而作为翟康然的师傅,庄锦明及其父亲开在香港的上海理发店“温莎”,则打破了一直都是壁垒分明的阶层标志,保留一贯的服务与形式,但又充分地在地化与生活化,以最大限度的惠民姿态面向街坊。“这就是其意义。换言之,它让北角的普罗街坊得以平价享受了从未体验的飞发排场,以及与之相关的虚荣。”不仅如此,庄锦明还收了翟康然为徒,这似乎是冒天下之大不韪的举动,但这些都无所谓,只要心意相通、承传有序,一切皆有可能。
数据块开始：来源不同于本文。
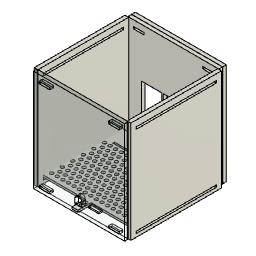
behavior box (Autodesk Fusion 360 design; units mm, degrees)
Autodesk Fusion 360 part; units mm, degrees
note: some values were not read from the file. Set by a fixed rule: the direction of a hole.
sketch "Sketch1" plane through (0, 0, 0) normal (1, 0, 0) x (0, 1, 0)
  line L0 (-7.9883, 4.5929) -> (-0.555, 4.5929)
  line L1 (-0.555, 4.5929) -> (-0.555, -3.7203)
  line L2 (-0.555, -3.7203) -> (-7.9883, -3.7203)
  line L3 (-7.9883, -3.7203) -> (-7.9883, 4.5929)
  line L4 (-7.5336, -3.2867) -> (-0.9801, -3.2867)
  line L5 (-0.9801, -3.2867) -> (-0.9801, -3.4535)
  line L6 (-0.9801, -3.4535) -> (-7.5336, -3.4535)
  line L7 (-7.5336, -3.4535) -> (-7.5336, -3.2867)
  line L8 (-7.5465, 4.1066) -> (-0.9801, 4.1066)
  line L9 (-0.9801, 4.1066) -> (-0.9801, 3.9332)
  line L10 (-0.9801, 3.9332) -> (-7.5465, 3.9332)
  line L11 (-7.5465, 3.9332) -> (-7.5465, 4.1066)
  constraint horizontal L0
  constraint vertical L1
  constraint horizontal L2
  constraint vertical L3
  constraint horizontal L4
  constraint vertical L5
  constraint horizontal L6
  constraint vertical L7
  constraint horizontal L8
  constraint vertical L9
  constraint horizontal L10
  constraint vertical L11
extrude "Extrude1" add sketch "Sketch1" along normal blind 0.3 makes body 1
move_body "Move1" bodies 1 to x (1, 0, 0) y (0, 1, 0) z (0, 0, 1) at (-7.7244, 20, 0.114)
copy_body "CopyPasteBodies1" bodies 1 makes body 2
move_body "Move2" bodies 2 to x (1, 0, 0) y (0, 1, 0) z (0, 0, 1) at (11.7466, 0.1876, -0.142)
sketch "Sketch2" plane through (0, 0, 0) normal (0, 0, 1) x (1, 0, 0)
  line L0 (-8.0919, 3.9069) -> (-0.6475, 3.9069)
  line L1 (-0.6475, 3.9069) -> (-0.6475, -2.6445)
  line L2 (-0.6475, -2.6445) -> (-8.0919, -2.6445)
  line L3 (-8.0919, -2.6445) -> (-8.0919, 3.9069)
  line L4 (-4.54, -2.6445) -> (-4.0525, -2.6445)
  line L5 (-4.0525, -2.6445) -> (-4.0525, -3.7265)
  line L6 (-4.0525, -3.7265) -> (-4.54, -3.7265)
  line L7 (-4.54, -3.7265) -> (-4.54, -2.6445)
  circle A0 centre (-4.3, -2.8685) radius 0.1404
  circle A1 centre (-4.3178, -3.2428) radius 0.1002
  line L8 (-7.3807, 2.6) -> (-1.4, 2.6)
  line L9 (-1.4, 2.6) -> (-1.4, 2.4711)
  line L10 (-1.4, 2.4711) -> (-7.3807, 2.4711)
  line L11 (-7.3807, 2.4711) -> (-7.3807, 2.6)
  line L12 (-6.1257, 3.8) -> (-6.2257, 3.8)
  line L13 (-6.2257, 3.8) -> (-6.2257, 2.9257)
  line L14 (-6.2257, 2.9257) -> (-6.1257, 2.9257)
  line L15 (-6.1257, 2.9257) -> (-6.1257, 3.8)
  line L16 (-4.4615, 3.8) -> (-4.3321, 3.8)
  line L17 (-4.3321, 3.8) -> (-4.3321, 2.9321)
  line L18 (-4.3321, 2.9321) -> (-4.4615, 2.9321)
  line L19 (-4.4615, 2.9321) -> (-4.4615, 3.8)
  line L20 (-2.6294, 3.7936) -> (-2.5155, 3.7936)
  line L21 (-2.5155, 3.7936) -> (-2.5155, 2.9257)
  line L22 (-2.5155, 2.9257) -> (-2.6294, 2.9257)
  line L23 (-2.6294, 2.9257) -> (-2.6294, 3.7936)
  constraint horizontal L0
  constraint vertical L1
  constraint horizontal L2
  constraint vertical L3
  constraint horizontal L4
  constraint vertical L5
  constraint horizontal L6
  constraint vertical L7
  constraint coincident L2 L4.start
  constraint horizontal L8
  constraint vertical L9
  constraint horizontal L10
  constraint vertical L11
  constraint horizontal L12
  constraint vertical L13
  constraint horizontal L14
  constraint vertical L15
  constraint horizontal L16
  constraint vertical L17
  constraint horizontal L18
  constraint vertical L19
  constraint horizontal L20
  constraint vertical L21
  constraint horizontal L22
  constraint vertical L23
extrude "Extrude2" add sketch "Sketch2" along normal blind 0.16 separate body makes body 3
sketch "Sketch3" plane through (0, 0, 0) normal (0, 0, 1) x (1, 0, 0)
  circle A0 centre (-7.7614, 2.1643) radius 0.1338
  circle A1 centre (-7.3065, 2.1643) radius 0.1204
  circle A2 centre (-6.8381, 2.1643) radius 0.1204
  circle A3 centre (-6.3832, 2.1643) radius 0.1265
  circle A4 centre (-5.9223, 2.1643) radius 0.1382
  circle A5 centre (-5.4723, 2.1643) radius 0.1382
  circle A6 centre (-5.013, 2.1587) radius 0.1273
  circle A7 centre (-4.5567, 2.1587) radius 0.1325
  circle A8 centre (-4.1005, 2.1623) radius 0.1376
  circle A9 centre (-3.6425, 2.1623) radius 0.135
  circle A10 centre (-3.1792, 2.1623) radius 0.135
  circle A11 centre (-2.7232, 2.1622) radius 0.135
  circle A12 centre (-2.2676, 2.1637) radius 0.1337
  circle A13 centre (-1.8117, 2.1637) radius 0.1286
  circle A14 centre (-1.3497, 2.1637) radius 0.1261
  circle A15 centre (-1.1257, 1.7247) radius 0.135
  circle A16 centre (-1.5848, 1.7237) radius 0.1327
  circle A17 centre (-2.0357, 1.7237) radius 0.1258
  circle A18 centre (-2.4977, 1.7237) radius 0.1316
  circle A19 centre (-2.9502, 1.7237) radius 0.1289
  circle A20 centre (-3.4109, 1.7237) radius 0.1317
  circle A21 centre (-3.8693, 1.7237) radius 0.1318
  circle A22 centre (-4.3227, 1.7237) radius 0.1334
  circle A23 centre (-4.7836, 1.7237) radius 0.1306
  circle A24 centre (-5.2425, 1.7237) radius 0.1329
  circle A25 centre (-5.697, 1.7237) radius 0.1287
  circle A26 centre (-6.1519, 1.7237) radius 0.1351
  circle A27 centre (-6.6125, 1.7407) radius 0.1274
  circle A28 centre (-7.0636, 1.7407) radius 0.1234
  circle A29 centre (-7.5313, 1.7274) radius 0.1318
  dimension "d6" = 0.27
  dimension "d7" = 0.27
  dimension "d8" = 0.27
  measures "d6" diameter of A10
  measures "d7" diameter of A11
  measures "d8" diameter of A15
hole "Hole1" at (-7.7538, 2.1618, 0.16) direction (0, 0, -1) diameter 0.27 depth 0.3 tip angle 118 bodies 3
hole "Hole2" at (-7.3065, 2.1643, 0) direction (0, 0, 1) diameter 0.27 depth 0.16 tip angle 118 bodies 3
hole "Hole3" at (-6.8421, 2.1458, 0.16) direction (0, 0, -1) diameter 0.27 depth 0.16 tip angle 118 bodies 3
hole "Hole4" at (-6.3808, 2.1692, 0.16) direction (0, 0, -1) diameter 0.27 depth 0.16 tip angle 118 bodies 3
hole "Hole5" at (-5.9263, 2.1659, 0.16) direction (0, 0, -1) diameter 0.27 depth 0.16 tip angle 118 bodies 3
hole "Hole6" at (-5.4673, 2.1644, 0.16) direction (0, 0, -1) diameter 0.27 depth 0.16 tip angle 118 bodies 3
hole "Hole7" at (-5.0162, 2.1602, 0.16) direction (0, 0, -1) diameter 0.27 depth 0.16 tip angle 118 bodies 3
hole "Hole8" at (-4.7761, 1.7189, 0.16) direction (0, 0, -1) diameter 0.27 depth 0.16 tip angle 118 bodies 3
hole "Hole9" at (-5.0058, 1.3054, 0.16) direction (0, 0, -1) diameter 0.27 depth 0.16 tip angle 118 bodies 3
hole "Hole10" at (-4.5547, 2.1575, 0.16) direction (0, 0, -1) diameter 0.27 depth 0.16 tip angle 118 bodies 3
hole "Hole11" at (-4.1036, 2.1658, 0.16) direction (0, 0, -1) diameter 0.27 depth 0.16 tip angle 118 bodies 3
hole "Hole12" at (-3.6316, 2.1575, 0.16) direction (0, 0, -1) diameter 0.27 depth 0.16 tip angle 118 bodies 3
hole "Hole13" at (-3.1827, 2.1742, 0.16) direction (0, 0, -1) diameter 0.27 depth 0.16 tip angle 118 bodies 3
hole "Hole14" at (-2.7256, 2.1587, 0.16) direction (0, 0, -1) diameter 0.27 depth 0.16 tip angle 118 bodies 3
hole "Hole15" at (-2.2693, 2.1536, 0.16) direction (0, 0, -1) diameter 0.27 depth 0.16 tip angle 118 bodies 3
hole "Hole16" at (-1.8021, 2.1536, 0.16) direction (0, 0, -1) diameter 0.27 depth 0.16 tip angle 118 bodies 3
hole "Hole17" at (-1.3481, 2.158, 0.16) direction (0, 0, -1) diameter 0.27 depth 0.16 tip angle 118 bodies 3
hole "Hole18" at (-1.1189, 1.7217, 0.16) direction (0, 0, -1) diameter 0.27 depth 0.16 tip angle 118 bodies 3
hole "Hole19" at (-1.5729, 1.7261, 0.16) direction (0, 0, -1) diameter 0.27 depth 0.16 tip angle 118 bodies 3
hole "Hole20" at (-2.0401, 1.7261, 0.16) direction (0, 0, -1) diameter 0.27 depth 0.16 tip angle 118 bodies 3
hole "Hole21" at (-2.4941, 1.7217, 0.16) direction (0, 0, -1) diameter 0.27 depth 0.16 tip angle 118 bodies 3
hole "Hole22" at (-2.948, 1.7261, 0.16) direction (0, 0, -1) diameter 0.27 depth 0.16 tip angle 118 bodies 3
hole "Hole23" at (-3.4064, 1.7261, 0.16) direction (0, 0, -1) diameter 0.27 depth 0.16 tip angle 118 bodies 3
hole "Hole24" at (-1.8073, 1.2873, 0.16) direction (0, 0, -1) diameter 0.27 depth 0.16 tip angle 118 bodies 3
hole "Hole25" at (-1.3504, 1.2921, 0.16) direction (0, 0, -1) diameter 0.27 depth 0.16 tip angle 118 bodies 3
hole "Hole26" at (-2.2671, 1.2965, 0.16) direction (0, 0, -1) diameter 0.27 depth 0.16 tip angle 118 bodies 3
hole "Hole27" at (-2.7255, 1.2921, 0.16) direction (0, 0, -1) diameter 0.27 depth 0.16 tip angle 118 bodies 3
hole "Hole28" at (-1.1167, 0.8513, 0.16) direction (0, 0, -1) diameter 0.27 depth 0.16 tip angle 118 bodies 3
hole "Hole29" at (-1.5796, 0.8645, 0.16) direction (0, 0, -1) diameter 0.27 depth 0.16 tip angle 118 bodies 3
hole "Hole30" at (-2.0379, 0.8601, 0.16) direction (0, 0, -1) diameter 0.27 depth 0.16 tip angle 118 bodies 3
hole "Hole31" at (-2.4963, 0.8645, 0.16) direction (0, 0, -1) diameter 0.27 depth 0.16 tip angle 118 bodies 3
hole "Hole32" at (-1.3504, 0.4149, 0.16) direction (0, 0, -1) diameter 0.27 depth 0.16 tip angle 118 bodies 3
hole "Hole33" at (-1.8176, 0.437, 0.16) direction (0, 0, -1) diameter 0.27 depth 0.16 tip angle 118 bodies 3
hole "Hole34" at (-2.2627, 0.4282, 0.16) direction (0, 0, -1) diameter 0.27 depth 0.16 tip angle 118 bodies 3
hole "Hole35" at (-3.8747, 1.7287, 0.16) direction (0, 0, -1) diameter 0.27 depth 0.16 tip angle 118 bodies 3
hole "Hole36" at (-3.1867, 1.2953, 0.16) direction (0, 0, -1) diameter 0.27 depth 0.16 tip angle 118 bodies 3
hole "Hole37" at (-3.4103, 0.855, 0.16) direction (0, 0, -1) diameter 0.27 depth 0.16 tip angle 118 bodies 3
hole "Hole38" at (-2.9527, 0.8653, 0.16) direction (0, 0, -1) diameter 0.27 depth 0.16 tip angle 118 bodies 3
hole "Hole39" at (-2.7223, 0.4215, 0.16) direction (0, 0, -1) diameter 0.27 depth 0.16 tip angle 118 bodies 3
hole "Hole40" at (-3.1867, 0.4318, 0.16) direction (0, 0, -1) diameter 0.27 depth 0.16 tip angle 118 bodies 3
hole "Hole41" at (-3.6408, 1.2981, 0.16) direction (0, 0, -1) diameter 0.27 depth 0.16 tip angle 118 bodies 3
hole "Hole42" at (-3.8718, 0.8556, 0.16) direction (0, 0, -1) diameter 0.27 depth 0.16 tip angle 118 bodies 3
hole "Hole43" at (-3.6375, 0.4326, 0.16) direction (0, 0, -1) diameter 0.27 depth 0.16 tip angle 118 bodies 3
hole "Hole44" at (-3.4065, -0.0132, 0.16) direction (0, 0, -1) diameter 0.27 depth 0.16 tip angle 118 bodies 3
hole "Hole45" at (-2.9575, -0.0001, 0.16) direction (0, 0, -1) diameter 0.27 depth 0.16 tip angle 118 bodies 3
hole "Hole46" at (-2.4922, -0.0132, 0.16) direction (0, 0, -1) diameter 0.27 depth 0.16 tip angle 118 bodies 3
hole "Hole47" at (-2.0302, -0.0099, 0.16) direction (0, 0, -1) diameter 0.27 depth 0.16 tip angle 118 bodies 3
hole "Hole48" at (-1.5774, -0.0094, 0.16) direction (0, 0, -1) diameter 0.27 depth 0.16 tip angle 118 bodies 3
hole "Hole49" at (-1.1208, -0.0027, 0.16) direction (0, 0, -1) diameter 0.27 depth 0.16 tip angle 118 bodies 3
hole "Hole50" at (-1.3474, -0.4459, 0.16) direction (0, 0, -1) diameter 0.27 depth 0.16 tip angle 118 bodies 3
hole "Hole51" at (-1.8073, -0.4459, 0.16) direction (0, 0, -1) diameter 0.27 depth 0.16 tip angle 118 bodies 3
hole "Hole52" at (-2.2638, -0.4392, 0.16) direction (0, 0, -1) diameter 0.27 depth 0.16 tip angle 118 bodies 3
hole "Hole53" at (-2.717, -0.4359, 0.16) direction (0, 0, -1) diameter 0.27 depth 0.16 tip angle 118 bodies 3
hole "Hole54" at (-3.1802, -0.4392, 0.16) direction (0, 0, -1) diameter 0.27 depth 0.16 tip angle 118 bodies 3
hole "Hole55" at (-1.1164, -0.8803, 0.16) direction (0, 0, -1) diameter 0.27 depth 0.16 tip angle 118 bodies 3
hole "Hole56" at (-1.5814, -0.8755, 0.16) direction (0, 0, -1) diameter 0.27 depth 0.16 tip angle 118 bodies 3
hole "Hole57" at (-2.0272, -0.8707, 0.16) direction (0, 0, -1) diameter 0.27 depth 0.16 tip angle 118 bodies 3
hole "Hole58" at (-2.497, -0.8707, 0.16) direction (0, 0, -1) diameter 0.27 depth 0.16 tip angle 118 bodies 3
hole "Hole59" at (-2.9524, -0.8803, 0.16) direction (0, 0, -1) diameter 0.27 depth 0.16 tip angle 118 bodies 3
hole "Hole60" at (-1.3417, -1.3117, 0.16) direction (0, 0, -1) diameter 0.27 depth 0.16 tip angle 118 bodies 3
hole "Hole61" at (-1.8019, -1.3165, 0.16) direction (0, 0, -1) diameter 0.27 depth 0.16 tip angle 118 bodies 3
hole "Hole62" at (-2.2621, -1.3117, 0.16) direction (0, 0, -1) diameter 0.27 depth 0.16 tip angle 118 bodies 3
hole "Hole63" at (-2.7175, -1.3117, 0.16) direction (0, 0, -1) diameter 0.27 depth 0.16 tip angle 118 bodies 3
hole "Hole64" at (-3.1777, -1.3165, 0.16) direction (0, 0, -1) diameter 0.27 depth 0.16 tip angle 118 bodies 3
hole "Hole65" at (-3.4078, -0.8803, 0.16) direction (0, 0, -1) diameter 0.27 depth 0.16 tip angle 118 bodies 3
hole "Hole66" at (-3.6427, -0.4441, 0.16) direction (0, 0, -1) diameter 0.27 depth 0.16 tip angle 118 bodies 3
hole "Hole67" at (-3.8776, -0.003, 0.16) direction (0, 0, -1) diameter 0.27 depth 0.16 tip angle 118 bodies 3
hole "Hole68" at (-4.0933, -0.4441, 0.16) direction (0, 0, -1) diameter 0.27 depth 0.16 tip angle 118 bodies 3
hole "Hole69" at (-3.8657, -0.8824, 0.16) direction (0, 0, -1) diameter 0.27 depth 0.16 tip angle 118 bodies 3
hole "Hole70" at (-4.0958, 0.4263, 0.16) direction (0, 0, -1) diameter 0.27 depth 0.16 tip angle 118 bodies 3
hole "Hole71" at (-4.3211, -0.0147, 0.16) direction (0, 0, -1) diameter 0.27 depth 0.16 tip angle 118 bodies 3
hole "Hole72" at (-4.556, 0.4311, 0.16) direction (0, 0, -1) diameter 0.27 depth 0.16 tip angle 118 bodies 3
hole "Hole73" at (-4.7861, -0.0003, 0.16) direction (0, 0, -1) diameter 0.27 depth 0.16 tip angle 118 bodies 3
hole "Hole74" at (-5.0114, 0.412, 0.16) direction (0, 0, -1) diameter 0.27 depth 0.16 tip angle 118 bodies 3
hole "Hole75" at (-4.5464, -0.4365, 0.16) direction (0, 0, -1) diameter 0.27 depth 0.16 tip angle 118 bodies 3
hole "Hole76" at (-5.0114, -0.4413, 0.16) direction (0, 0, -1) diameter 0.27 depth 0.16 tip angle 118 bodies 3
hole "Hole77" at (-4.7717, -0.8776, 0.16) direction (0, 0, -1) diameter 0.27 depth 0.16 tip angle 118 bodies 3
hole "Hole78" at (-4.3211, -0.868, 0.16) direction (0, 0, -1) diameter 0.27 depth 0.16 tip angle 118 bodies 3
hole "Hole79" at (-3.6256, -1.3146, 0.16) direction (0, 0, -1) diameter 0.27 depth 0.16 tip angle 118 bodies 3
hole "Hole80" at (-4.1002, -1.305, 0.16) direction (0, 0, -1) diameter 0.27 depth 0.16 tip angle 118 bodies 3
hole "Hole81" at (-4.5413, -1.305, 0.16) direction (0, 0, -1) diameter 0.27 depth 0.16 tip angle 118 bodies 3
hole "Hole82" at (-1.1137, -1.746, 0.16) direction (0, 0, -1) diameter 0.27 depth 0.16 tip angle 118 bodies 3
hole "Hole83" at (-1.5739, -1.7412, 0.16) direction (0, 0, -1) diameter 0.27 depth 0.16 tip angle 118 bodies 3
hole "Hole84" at (-2.0341, -1.7412, 0.16) direction (0, 0, -1) diameter 0.27 depth 0.16 tip angle 118 bodies 3
hole "Hole85" at (-2.4895, -1.7412, 0.16) direction (0, 0, -1) diameter 0.27 depth 0.16 tip angle 118 bodies 3
hole "Hole86" at (-2.9497, -1.7508, 0.16) direction (0, 0, -1) diameter 0.27 depth 0.16 tip angle 118 bodies 3
hole "Hole87" at (-3.4003, -1.7412, 0.16) direction (0, 0, -1) diameter 0.27 depth 0.16 tip angle 118 bodies 3
hole "Hole88" at (-3.8605, -1.7412, 0.16) direction (0, 0, -1) diameter 0.27 depth 0.16 tip angle 118 bodies 3
hole "Hole89" at (-4.3207, -1.746, 0.16) direction (0, 0, -1) diameter 0.27 depth 0.16 tip angle 118 bodies 3
hole "Hole90" at (-4.7809, -1.7364, 0.16) direction (0, 0, -1) diameter 0.27 depth 0.16 tip angle 118 bodies 3
hole "Hole91" at (-5.011, -1.3146, 0.16) direction (0, 0, -1) diameter 0.27 depth 0.16 tip angle 118 bodies 3
hole "Hole92" at (-5.2363, -0.864, 0.16) direction (0, 0, -1) diameter 0.27 depth 0.16 tip angle 118 bodies 3
hole "Hole93" at (-5.476, -1.3098, 0.16) direction (0, 0, -1) diameter 0.27 depth 0.16 tip angle 118 bodies 3
hole "Hole94" at (-5.2316, -1.7508, 0.16) direction (0, 0, -1) diameter 0.27 depth 0.16 tip angle 118 bodies 3
hole "Hole95" at (-5.4712, -0.4469, 0.16) direction (0, 0, -1) diameter 0.27 depth 0.16 tip angle 118 bodies 3
hole "Hole96" at (-5.6918, -0.8736, 0.16) direction (0, 0, -1) diameter 0.27 depth 0.16 tip angle 118 bodies 3
hole "Hole97" at (-1.803, -2.1746, 0.16) direction (0, 0, -1) diameter 0.27 depth 0.16 tip angle 118 bodies 3
hole "Hole98" at (-1.3463, -2.1743, 0.16) direction (0, 0, -1) diameter 0.27 depth 0.16 tip angle 118 bodies 3
hole "Hole99" at (-2.2635, -2.1775, 0.16) direction (0, 0, -1) diameter 0.27 depth 0.16 tip angle 118 bodies 3
hole "Hole100" at (-2.7223, -2.1723, 0.16) direction (0, 0, -1) diameter 0.27 depth 0.16 tip angle 118 bodies 3
hole "Hole101" at (-3.176, -2.1723, 0.16) direction (0, 0, -1) diameter 0.27 depth 0.16 tip angle 118 bodies 3
hole "Hole102" at (-3.6373, -2.1775, 0.16) direction (0, 0, -1) diameter 0.27 depth 0.16 tip angle 118 bodies 3
hole "Hole103" at (-4.0836, -2.1805, 0.16) direction (0, 0, -1) diameter 0.27 depth 0.16 tip angle 118 bodies 3
hole "Hole104" at (-4.5474, -2.1763, 0.16) direction (0, 0, -1) diameter 0.27 depth 0.16 tip angle 118 bodies 3
hole "Hole105" at (-5.0112, -2.1763, 0.16) direction (0, 0, -1) diameter 0.27 depth 0.16 tip angle 118 bodies 3
hole "Hole106" at (-5.9181, -1.315, 0.16) direction (0, 0, -1) diameter 0.27 depth 0.16 tip angle 118 bodies 3
hole "Hole107" at (-5.6862, -1.7415, 0.16) direction (0, 0, -1) diameter 0.27 depth 0.16 tip angle 118 bodies 3
hole "Hole108" at (-5.4709, -2.1722, 0.16) direction (0, 0, -1) diameter 0.27 depth 0.16 tip angle 118 bodies 3
hole "Hole109" at (-5.9181, -2.1722, 0.16) direction (0, 0, -1) diameter 0.27 depth 0.16 tip angle 118 bodies 3
hole "Hole110" at (-6.15, -1.7415, 0.16) direction (0, 0, -1) diameter 0.27 depth 0.16 tip angle 118 bodies 3
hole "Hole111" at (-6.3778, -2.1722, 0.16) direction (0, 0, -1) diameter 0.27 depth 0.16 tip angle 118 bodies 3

尽管遭受了翟玉成断指以断绝父子关系的威胁,但是理想与意志的决然而然已经不可挽回;然而回过头看,翟师傅自己也以此完成了生命最后的固守。小说最后,庄锦明、翟康然师徒合手为病榻上的翟师傅“飞发”,不仅是双重致敬,而且是双向缅怀。这是翟康然对父亲及其手艺的致意,更是对生命本身的致敬,而庄锦明对翟玉成则是亦敌亦友,他们所代表的“飞发”的流派可以各异,但更可共存,彼此敬意。正是他们各自精神的认同与理想的趋同,冲破了伦理的规制与行业的樊篱,不消说,经由此还形塑了若干“新人”的形象,从翟健然、翟康然,包括庄老先生与庄锦明父子,以及翟玉成和郑好彩身上,这构筑了“南方”新的主体群像,在他们那里,有情有义,有心气有灵魂,就像小说里边那个始终不曾离去的“孔雀旧人”。我始终在想,究竟怎么样的一个感觉结构和情感方法,才能叫做真正的“新”南方,又或者说,南方之“新”,需要怎样的情感及抒情的方式才足以将之建构?读到葛亮的《飞发》,忽地有了某种答案,仿佛一束光打下来,将阴影的部分照得通亮。

综而言之,向海、向粤港澳、向东南亚,构成了“新南方写作”最为重要的面相,其中在汉语行旅中不断创生的南方新义,在“海里岸上”的海洋写作中透露出来的南方伦理,以及经由地方性叙事而达致的精神构造与南方美学,形塑着“新南方写作”以至于当下地方性文学书写中更为广阔的界域、更为新颖的经验以及更为开放的姿态。


注 释:

1 杨庆祥:《新南方写作:主体、版图与汉语书写的主权》,《南方文坛》2021年第3期。

2 王德威:《盲女古银霞的奇遇——关于黎紫书〈流俗地〉》,《山花》2020年第5期。

3 黎紫书:《月光照亮我野生的小说王国》,《中国现代文学研究丛刊》2022年第2期。

4 王德威:《写实主义小说的虚构》(中文版序),复旦大学出版社2011年版。

5 8 林森:《如斯水》,《小说选刊》2021年第11期。

6 林森:《蓬勃的陌生》,《南方文坛》2021年第3期。

7 东西:《南方“新”起来了》,《南方文坛》2021年第3期。

9 蒋述卓:《南方意象、倾偈与生命之极的抵达——评林白的〈北流〉兼论新南方写作》,《南方文坛》2022年第2期。